When I got Fitz he was at the beginning of his quilling. The past few days he has been losing very few each day and is coming to the end and his personality is so much different. He only huffs at me when I wake him up or startle him/grab him too fast. Before it was every time I touched him and or even acted like I was going to. Warm baths helped him a lot when he was his grumpiest. Then I wrapped him in a towel and laid him on my lap to keep warm and still have some bonding time without touching him.


----------



## OllieTheHedgie (Aug 4, 2012)

How long do they usually quill for? Ollie has been going through quilling for maybe 3 weeks now?


----------



## moxieberry (Nov 30, 2011)

OllieTheHedgie said:


> How long do they usually quill for? Ollie has been going through quilling for maybe 3 weeks now?
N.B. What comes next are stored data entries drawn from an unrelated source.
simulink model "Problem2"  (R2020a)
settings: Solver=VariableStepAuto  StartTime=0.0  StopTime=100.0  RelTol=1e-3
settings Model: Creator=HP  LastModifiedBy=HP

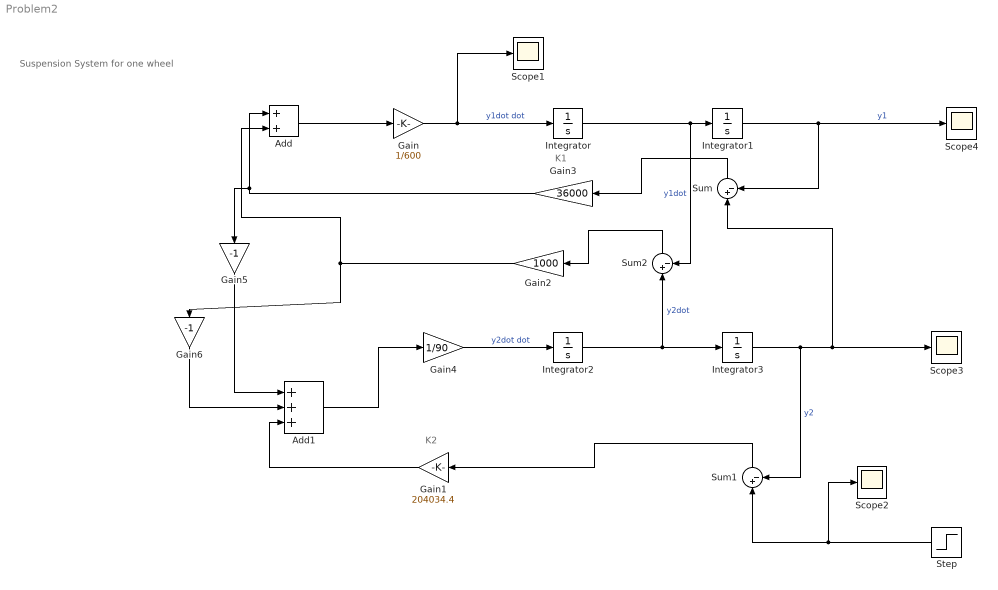
== system Problem2 ==
  note: K2
  note: K1
  note: Suspension System for one wheel
  Add : Sum
  Add1 : Sum  Inputs=+++
  Gain : Gain  Gain=1/600
  Gain1 : Gain  Gain=204034.4
  Gain2 : Gain  Gain=1000
  Gain3 : Gain  Gain=36000
  Gain4 : Gain  Gain=1/90
  Gain5 : Gain  Gain=-1
  Gain6 : Gain  Gain=-1
  Integrator{,1..3} (4 alike) : Integrator
  Scope{1..4} (4 alike) : Scope
  Step : Step  SampleTime=0
  Sum : Sum  Inputs=|+-
  Sum1 : Sum  Inputs=|+-
  Sum2 : Sum  Inputs=|+-
  wires:
  Gain1/1 -> Add1/3
  Sum1/1 -> Gain1/1
  Step/1 -> Scope2/1, Sum1/1
  Add1/1 -> Gain4/1
  Gain4/1 -> Integrator2/1  "y2dot dot"
  Integrator2/1 -> Sum2/1, Integrator3/1  "y2dot"
  Integrator3/1 -> Sum1/2, Sum/1, Scope3/1  "y2"
  Gain6/1 -> Add1/2
  Gain5/1 -> Add1/1
  Gain3/1 -> Gain5/1, Add/1
  Gain2/1 -> Gain6/1, Add/2
  Add/1 -> Gain/1
  Gain/1 -> Scope1/1, Integrator/1  "y1dot dot"
  Integrator/1 -> Integrator1/1, Sum2/2  "y1dot"
  Integrator1/1 -> Scope4/1, Sum/2  "y1"
  Sum/1 -> Gain3/1
  Sum2/1 -> Gain2/1
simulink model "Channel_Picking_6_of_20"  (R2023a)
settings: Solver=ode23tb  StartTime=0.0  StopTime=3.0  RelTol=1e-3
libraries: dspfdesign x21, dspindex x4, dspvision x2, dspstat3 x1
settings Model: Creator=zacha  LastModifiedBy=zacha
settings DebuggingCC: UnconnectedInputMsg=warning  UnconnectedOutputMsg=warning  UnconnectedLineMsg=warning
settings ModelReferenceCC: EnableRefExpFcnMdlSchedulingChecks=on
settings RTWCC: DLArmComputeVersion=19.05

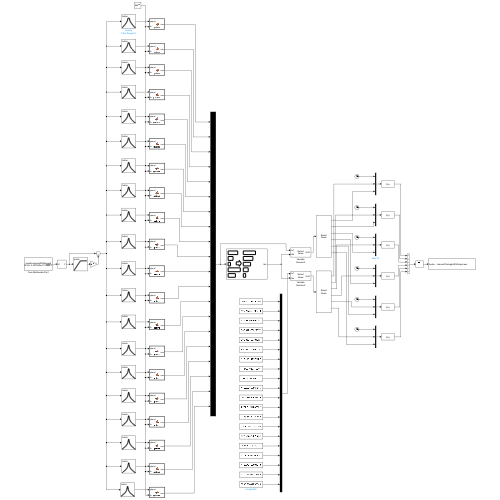
[thumbnail: Simulink's stored preview of the top-level diagram]
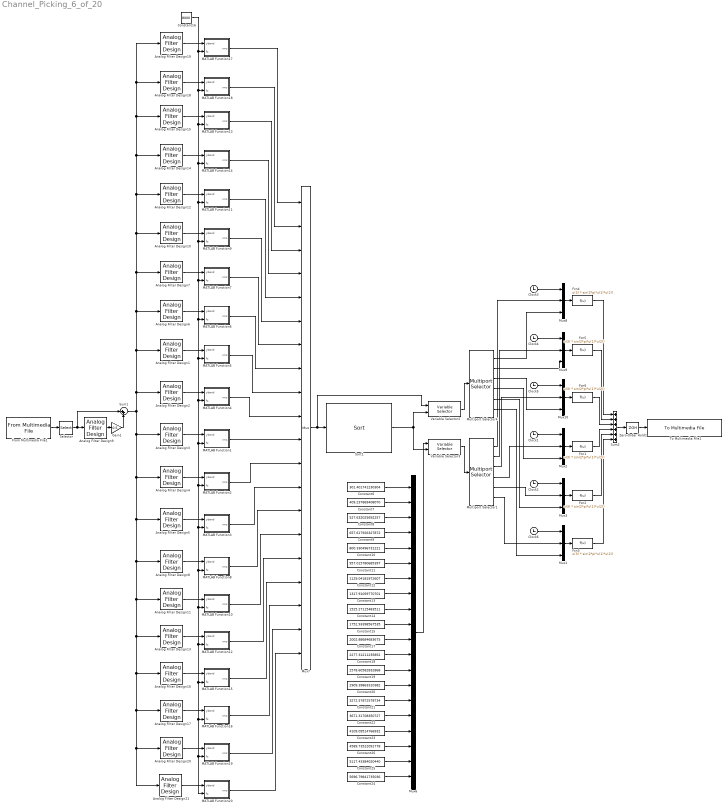
== system Channel_Picking_6_of_20 ==
  Analog Filter Design1 : dspfdesign/Analog Filter Design  method=Butterworth  filttype=Bandpass  N=6  Wlo=8901.71649069657  Whi=10265.4061283531  Rp=2  Rs=40
  Analog Filter Design10 : dspfdesign/Analog Filter Design  method=Butterworth  filttype=Bandpass  N=6  Wlo=5497.89355477605  Whi=6528.32142910693  Rp=2  Rs=40
  Analog Filter Design11 : dspfdesign/Analog Filter Design  method=Butterworth  filttype=Bandpass  N=6  Wlo=19368.0065720074  Whi=21756.4305609036  Rp=2  Rs=40
  Analog Filter Design12 : dspfdesign/Analog Filter Design  method=Butterworth  filttype=Bandpass  N=6  Wlo=4559.35608112265  Whi=5497.89355477605  Rp=2  Rs=40
  Analog Filter Design13 : dspfdesign/Analog Filter Design  method=Butterworth  filttype=Bandpass  N=6  Wlo=21756.4305609036  Whi=24378.7005532769  Rp=2  Rs=40
  Analog Filter Design14 : dspfdesign/Analog Filter Design  method=Butterworth  filttype=Bandpass  N=6  Wlo=3704.51450375974  Whi=4559.35608112265  Rp=2  Rs=40
  Analog Filter Design15 : dspfdesign/Analog Filter Design  method=Butterworth  filttype=Bandpass  N=6  Wlo=2925.90507909423  Whi=3704.51450375974  Rp=2  Rs=40
  Analog Filter Design16 : dspfdesign/Analog Filter Design  method=Butterworth  filttype=Bandpass  N=6  Wlo=24378.7005532769  Whi=27257.7119620007  Rp=2  Rs=40
  Analog Filter Design17 : dspfdesign/Analog Filter Design  method=Butterworth  filttype=Bandpass  N=6  Wlo=27257.7119620007  Whi=30418.6018458298  Rp=2  Rs=40
  Analog Filter Design18 : dspfdesign/Analog Filter Design  method=Butterworth  filttype=Bandpass  N=6  Wlo=2216.72965731829  Whi=2925.90507909423  Rp=2  Rs=40
  Analog Filter Design19 : dspfdesign/Analog Filter Design  method=Butterworth  filttype=Bandpass  N=6  Wlo=1570.79632679490  Whi=2216.72965731829  Rp=2  Rs=40
  Analog Filter Design2 : dspfdesign/Analog Filter Design  method=Butterworth  filttype=Bandpass  N=6  Wlo=10265.4061283531  Whi=11762.6119981492  Rp=2  Rs=40
  Analog Filter Design20 : dspfdesign/Analog Filter Design  method=Butterworth  filttype=Bandpass  N=6  Wlo=30418.6018458298  Whi=33888.9683846419  Rp=2  Rs=40
  Analog Filter Design21 : dspfdesign/Analog Filter Design  method=Butterworth  filttype=Bandpass  N=6  Wlo=33888.9683846419  Whi=37699.1118430775  Rp=2  Rs=40
  Analog Filter Design3 : dspfdesign/Analog Filter Design  method=Butterworth  filttype=Bandpass  N=6  Wlo=11762.6119981492  Whi=13406.4064178267  Rp=2  Rs=40
  Analog Filter Design4 : dspfdesign/Analog Filter Design  method=Butterworth  filttype=Bandpass  N=6  Wlo=13406.4064178267  Whi=15211.1415906396  Rp=2  Rs=40
  Analog Filter Design5 : dspfdesign/Analog Filter Design  method=Butterworth  filttype=Bandpass  N=6  Wlo=15211.1415906396  Whi=17192.5749164852  Rp=2  Rs=40
  Analog Filter Design6 : dspfdesign/Analog Filter Design  method=Butterworth  filttype=Bandpass  N=6  Wlo=7659.63651668133  Whi=8901.71649069657  Rp=2  Rs=40
  Analog Filter Design7 : dspfdesign/Analog Filter Design  method=Butterworth  filttype=Bandpass  N=6  Wlo=6528.32142910693  Whi=7659.63651668133  Rp=2  Rs=40
  Analog Filter Design8 : dspfdesign/Analog Filter Design  method=Butterworth  filttype=Bandpass  N=6  Wlo=17192.5749164852  Whi=19368.0065720074  Rp=2  Rs=40
  Analog Filter Design9 : dspfdesign/Analog Filter Design  method=Butterworth  filttype=Highpass  N=6  Wlo=7539.82236  Whi=80  Rp=2  Rs=40
  Clock{1..6} (6 alike) : Clock
  Constant10 : Constant  Value=800.330496731221
  Constant11 : Constant  Value=957.015780685397
  Constant12 : Constant  Value=1129.04181972607
  Constant13 : Constant  Value=1317.91059770701
  Constant14 : Constant  Value=1525.27115483511
  Constant15 : Constant  Value=1752.93398567535
  Constant16 : Constant  Value=8000
  Constant17 : Constant  Value=2002.88684683675
  Constant18 : Constant  Value=2277.31211235852
  Constant19 : Constant  Value=2578.60582832868
  Constant20 : Constant  Value=2909.39863310382
  Constant21 : Constant  Value=3272.57872578734
  Constant22 : Constant  Value=3671.31708350727
  Constant23 : Constant  Value=4109.09514766932
  Constant24 : Constant  Value=5696.79841735036
  Constant25 : Constant  Value=5117.43384020440
  Constant26 : Constant  Value=4589.73522091778
  Constant6 : Constant  Value=301.401741230304
  Constant7 : Constant  Value=409.237869408070
  Constant8 : Constant  Value=527.632025692257
  Constant9 : Constant  Value=657.617926327872
  Fcn{1..6} (6 alike) : Fcn  Expr=u(3) * sin(2*pi*u(1)*u(2))
  From Multimedia File1 : dspvision/From Multimedia File  inputFilename=C:\Users\zacha\Desktop\Cochlear\Media\inputSentance8000hz.mp3  readRange=[1 Inf]  loop=on  numPlays=1  outputStreams=Audio only  videoDataType=single  audioDataType=double  inheritSampleTime=off  userDefinedSampleTime=1/8000  noAudioOutput=off  isIntensityVideo=off  fourcc=RGB  colorVideoFormat=Separate color signals  outputEOF=off  dataOrg=Column-major  audioFrameSize=1  computeAudioFrameSize=off  outSamplingMode=Sample based
      settings: LibrarySourceBlock=dspsrcs4/From Multimedia File
  Gain1 : Gain  Gain=0.5
  MATLAB Function1 : MATLAB Function  TreatAsAtomicUnit=on
  MATLAB Function10 : MATLAB Function  TreatAsAtomicUnit=on
  MATLAB Function11 : MATLAB Function  TreatAsAtomicUnit=on
  MATLAB Function12 : MATLAB Function  TreatAsAtomicUnit=on
  MATLAB Function13 : MATLAB Function  TreatAsAtomicUnit=on
  MATLAB Function14 : MATLAB Function  TreatAsAtomicUnit=on
  MATLAB Function15 : MATLAB Function  TreatAsAtomicUnit=on
  MATLAB Function16 : MATLAB Function  TreatAsAtomicUnit=on
  MATLAB Function17 : MATLAB Function  TreatAsAtomicUnit=on
  MATLAB Function18 : MATLAB Function  TreatAsAtomicUnit=on
  MATLAB Function19 : MATLAB Function  TreatAsAtomicUnit=on
  MATLAB Function2 : MATLAB Function  TreatAsAtomicUnit=on
  MATLAB Function20 : MATLAB Function  TreatAsAtomicUnit=on
  MATLAB Function3 : MATLAB Function  TreatAsAtomicUnit=on
  MATLAB Function4 : MATLAB Function  TreatAsAtomicUnit=on
  MATLAB Function5 : MATLAB Function  TreatAsAtomicUnit=on
  MATLAB Function6 : MATLAB Function  TreatAsAtomicUnit=on
  MATLAB Function7 : MATLAB Function  TreatAsAtomicUnit=on
  MATLAB Function8 : MATLAB Function  TreatAsAtomicUnit=on
  MATLAB Function9 : MATLAB Function  TreatAsAtomicUnit=on
  Multiport Selector1 : dspindex/Multiport Selector  rowsOrCols=Rows  idxCellArray={ 1, 2,3,4,5,6 }  idxErrMode=Clip Index
  Multiport Selector4 : dspindex/Multiport Selector  rowsOrCols=Rows  idxCellArray={ 1, 2,3,4,5,6 }  idxErrMode=Clip Index
  Mux{1..3,8..10} (6 alike) : Mux  Inputs=3
  Mux6 : Mux  Inputs=20
  Mux7 : Mux  Inputs=20
  Selector : Selector  NumberOfDimensions=2  InputPortWidth=3  IndexOptions=Select all,Index vector (dialog)  Indices=[2],1  OutputSizes=1,1
  Sort1 : dspstat3/Sort  otype=Index  dir=Descending  sortAlg=Quick sort  roundingMode=Floor  overflowMode=off  accumDataTypeStr=Inherit: Same as product output  accumLastDataTypeStr=Inherit: Same as product output
  Sum1 : Sum  Inputs=|++
  Sum2 : Sum  Inputs=++++++
  To Multimedia File1 : dspvision/To Multimedia File  outputFilename=C:\Users\zacha\Desktop\Cochlear\Media\channelPicking6of20Output.wav  streamSelection=Audio only  videoCompressor=None (uncompressed)  audioCompressor=None (uncompressed)  imagePorts=Separate color signals  fileType=WAV  audioDatatype=16-bit integer  fourcc=RGB  videoQuality=75  mj2000CompFactor=10
      settings: LibrarySourceBlock=dspsnks4/To Multimedia File
  Variable Selector2 : dspindex/Variable Selector  NumInputs=1  rowsOrCols=Rows  IdxMode=Variable  Elements=[1 3]  ZerOneIdxMode=One-based  errmode=Clip Index  FillMode=on  FillValues=0
      settings: LibrarySourceBlock=|
      | dsphdlsupportsigmgmt/Variable
      | Selector
  Variable Selector3 : dspindex/Variable Selector  NumInputs=1  rowsOrCols=Rows  IdxMode=Variable  Elements=[1 3]  ZerOneIdxMode=One-based  errmode=Clip Index  FillMode=on  FillValues=0
      settings: LibrarySourceBlock=|
      | dsphdlsupportsigmgmt/Variable
      | Selector
  Zero-Order Hold1 : ZeroOrderHold  SampleTime=1/8000
  wires:
  Analog Filter Design20/1 -> MATLAB Function19/1(yband)
  Analog Filter Design21/1 -> MATLAB Function20/1(yband)
  Sum1/1 -> Analog Filter Design19/1, Analog Filter Design18/1, Analog Filter Design15/1, Analog Filter Design14/1, Analog Filter Design12/1, Analog Filter Design10/1, Analog Filter Design7/1, Analog Filter Design6/1, Analog Filter Design1/1, Analog Filter Design2/1, Analog Filter Design21/1, Analog Filter Design20/1, Analog Filter Design17/1, Analog Filter Design16/1, Analog Filter Design13/1, Analog Filter Design11/1, Analog Filter Design8/1, Analog Filter Design5/1, Analog Filter Design4/1, Analog Filter Design3/1
  Analog Filter Design8/1 -> MATLAB Function8/1(yband)
  Analog Filter Design10/1 -> MATLAB Function9/1(yband)
  Analog Filter Design6/1 -> MATLAB Function6/1(yband)
  Analog Filter Design3/1 -> MATLAB Function1/1(yband)
  Analog Filter Design13/1 -> MATLAB Function12/1(yband)
  Analog Filter Design2/1 -> MATLAB Function4/1(yband)
  Analog Filter Design15/1 -> MATLAB Function13/1(yband)
  Analog Filter Design12/1 -> MATLAB Function11/1(yband)
  Analog Filter Design4/1 -> MATLAB Function2/1(yband)
  Analog Filter Design7/1 -> MATLAB Function7/1(yband)
  Analog Filter Design11/1 -> MATLAB Function10/1(yband)
  Analog Filter Design9/1 -> Gain1/1
  Analog Filter Design19/1 -> MATLAB Function17/1(yband)
  Analog Filter Design5/1 -> MATLAB Function3/1(yband)
  Constant16/1 -> MATLAB Function20/2(fs), MATLAB Function19/2(fs), MATLAB Function16/2(fs), MATLAB Function15/2(fs), MATLAB Function12/2(fs), MATLAB Function10/2(fs), MATLAB Function8/2(fs), MATLAB Function3/2(fs), MATLAB Function2/2(fs), MATLAB Function1/2(fs), MATLAB Function4/2(fs), MATLAB Function5/2(fs), MATLAB Function6/2(fs), MATLAB Function7/2(fs), MATLAB Function9/2(fs), MATLAB Function11/2(fs), MATLAB Function14/2(fs), MATLAB Function13/2(fs), MATLAB Function18/2(fs), MATLAB Function17/2(fs)
  Analog Filter Design18/1 -> MATLAB Function18/1(yband)
  Analog Filter Design1/1 -> MATLAB Function5/1(yband)
  Analog Filter Design16/1 -> MATLAB Function15/1(yband)
  Analog Filter Design14/1 -> MATLAB Function14/1(yband)
  Analog Filter Design17/1 -> MATLAB Function16/1(yband)
  From Multimedia File1/1 -> Selector/1
  Gain1/1 -> Sum1/2
  Selector/1 -> Analog Filter Design9/1, Sum1/1
  Constant6/1 -> Mux6/1
  Constant7/1 -> Mux6/2
  Constant8/1 -> Mux6/3
  Constant9/1 -> Mux6/4
  Constant10/1 -> Mux6/5
  Constant11/1 -> Mux6/6
  Constant12/1 -> Mux6/7
  Constant13/1 -> Mux6/8
  Constant14/1 -> Mux6/9
  Constant15/1 -> Mux6/10
  Constant17/1 -> Mux6/11
  Constant18/1 -> Mux6/12
  Constant19/1 -> Mux6/13
  Constant20/1 -> Mux6/14
  Constant21/1 -> Mux6/15
  Constant22/1 -> Mux6/16
  Constant23/1 -> Mux6/17
  Constant26/1 -> Mux6/18
  Constant25/1 -> Mux6/19
  Constant24/1 -> Mux6/20
  MATLAB Function17/1(rms) -> Mux7/1
  MATLAB Function18/1(rms) -> Mux7/2
  MATLAB Function13/1(rms) -> Mux7/3
  MATLAB Function14/1(rms) -> Mux7/4
  MATLAB Function11/1(rms) -> Mux7/5
  MATLAB Function9/1(rms) -> Mux7/6
  MATLAB Function7/1(rms) -> Mux7/7
  MATLAB Function6/1(rms) -> Mux7/8
  MATLAB Function5/1(rms) -> Mux7/9
  MATLAB Function4/1(rms) -> Mux7/10
  MATLAB Function1/1(rms) -> Mux7/11
  MATLAB Function2/1(rms) -> Mux7/12
  MATLAB Function3/1(rms) -> Mux7/13
  MATLAB Function8/1(rms) -> Mux7/14
  MATLAB Function10/1(rms) -> Mux7/15
  MATLAB Function12/1(rms) -> Mux7/16
  MATLAB Function15/1(rms) -> Mux7/17
  MATLAB Function16/1(rms) -> Mux7/18
  MATLAB Function19/1(rms) -> Mux7/19
  MATLAB Function20/1(rms) -> Mux7/20
  Mux7/1 -> Variable Selector2/1, Sort1/1
  Variable Selector2/1 -> Multiport Selector4/1
  Variable Selector3/1 -> Multiport Selector1/1
  Sort1/1 -> Variable Selector2/2, Variable Selector3/2
  Mux6/1 -> Variable Selector3/1
  Mux9/1 -> Fcn5/1
  Clock4/1 -> Mux9/1
  Fcn4/1 -> Sum2/1
  Sum2/1 -> Zero-Order Hold1/1
  Clock3/1 -> Mux8/1
  Mux8/1 -> Fcn4/1
  Fcn6/1 -> Sum2/3
  Fcn5/1 -> Sum2/2
  Zero-Order Hold1/1 -> To Multimedia File1/1
  Clock5/1 -> Mux10/1
  Mux10/1 -> Fcn6/1
  Clock6/1 -> Mux1/1
  Mux3/1 -> Fcn2/1
  Mux2/1 -> Fcn1/1
  Clock2/1 -> Mux3/1
  Clock1/1 -> Mux2/1
  Mux1/1 -> Fcn3/1
  Fcn1/1 -> Sum2/4
  Fcn2/1 -> Sum2/5
  Fcn3/1 -> Sum2/6
  Multiport Selector4/1 -> Mux8/3
  Multiport Selector4/2 -> Mux9/3
  Multiport Selector4/3 -> Mux10/3
  Multiport Selector4/4 -> Mux2/3
  Multiport Selector4/5 -> Mux3/3
  Multiport Selector4/6 -> Mux1/3
  Multiport Selector1/1 -> Mux8/2
  Multiport Selector1/2 -> Mux9/2
  Multiport Selector1/3 -> Mux10/2
  Multiport Selector1/4 -> Mux2/2
  Multiport Selector1/5 -> Mux3/2
  Multiport Selector1/6 -> Mux1/2

== matlab function Channel_Picking_6_of_20/MATLAB Function13 ==
  data: yband input; rms output; fs input
function rms = getrms(yband,fs)

    y = abs(yband); %rectifying it makes it sound bad

    [b,a] = butter(2,400/(fs/2));

    z = filter(b,a,y); %this filter also makes it sound bad

    windowsize = round(4/(1000/fs)); %rms computed every 4ms = windowsize samples

    [yupper,ylower] = envelope(yband,windowsize,'rms'); %changed to yband here

    %envelope(z,windowsize,'rms');

    rms = yupper;
end

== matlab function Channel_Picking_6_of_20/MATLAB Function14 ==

It can go for a while. Some will only be grumpy for part of it, around the 6/9/12 week marks, and some will be grumpy all the way through and then some. In my experience so far, the longest was until 15-16 weeks old. Totally depends on the hedgehog. I've had some that get it bad for short periods, some that get it bad for a while, some that aren't too bothered by it, and two that literally didn't change demeanor at all while quilling.


----------



## danilious (Dec 14, 2010)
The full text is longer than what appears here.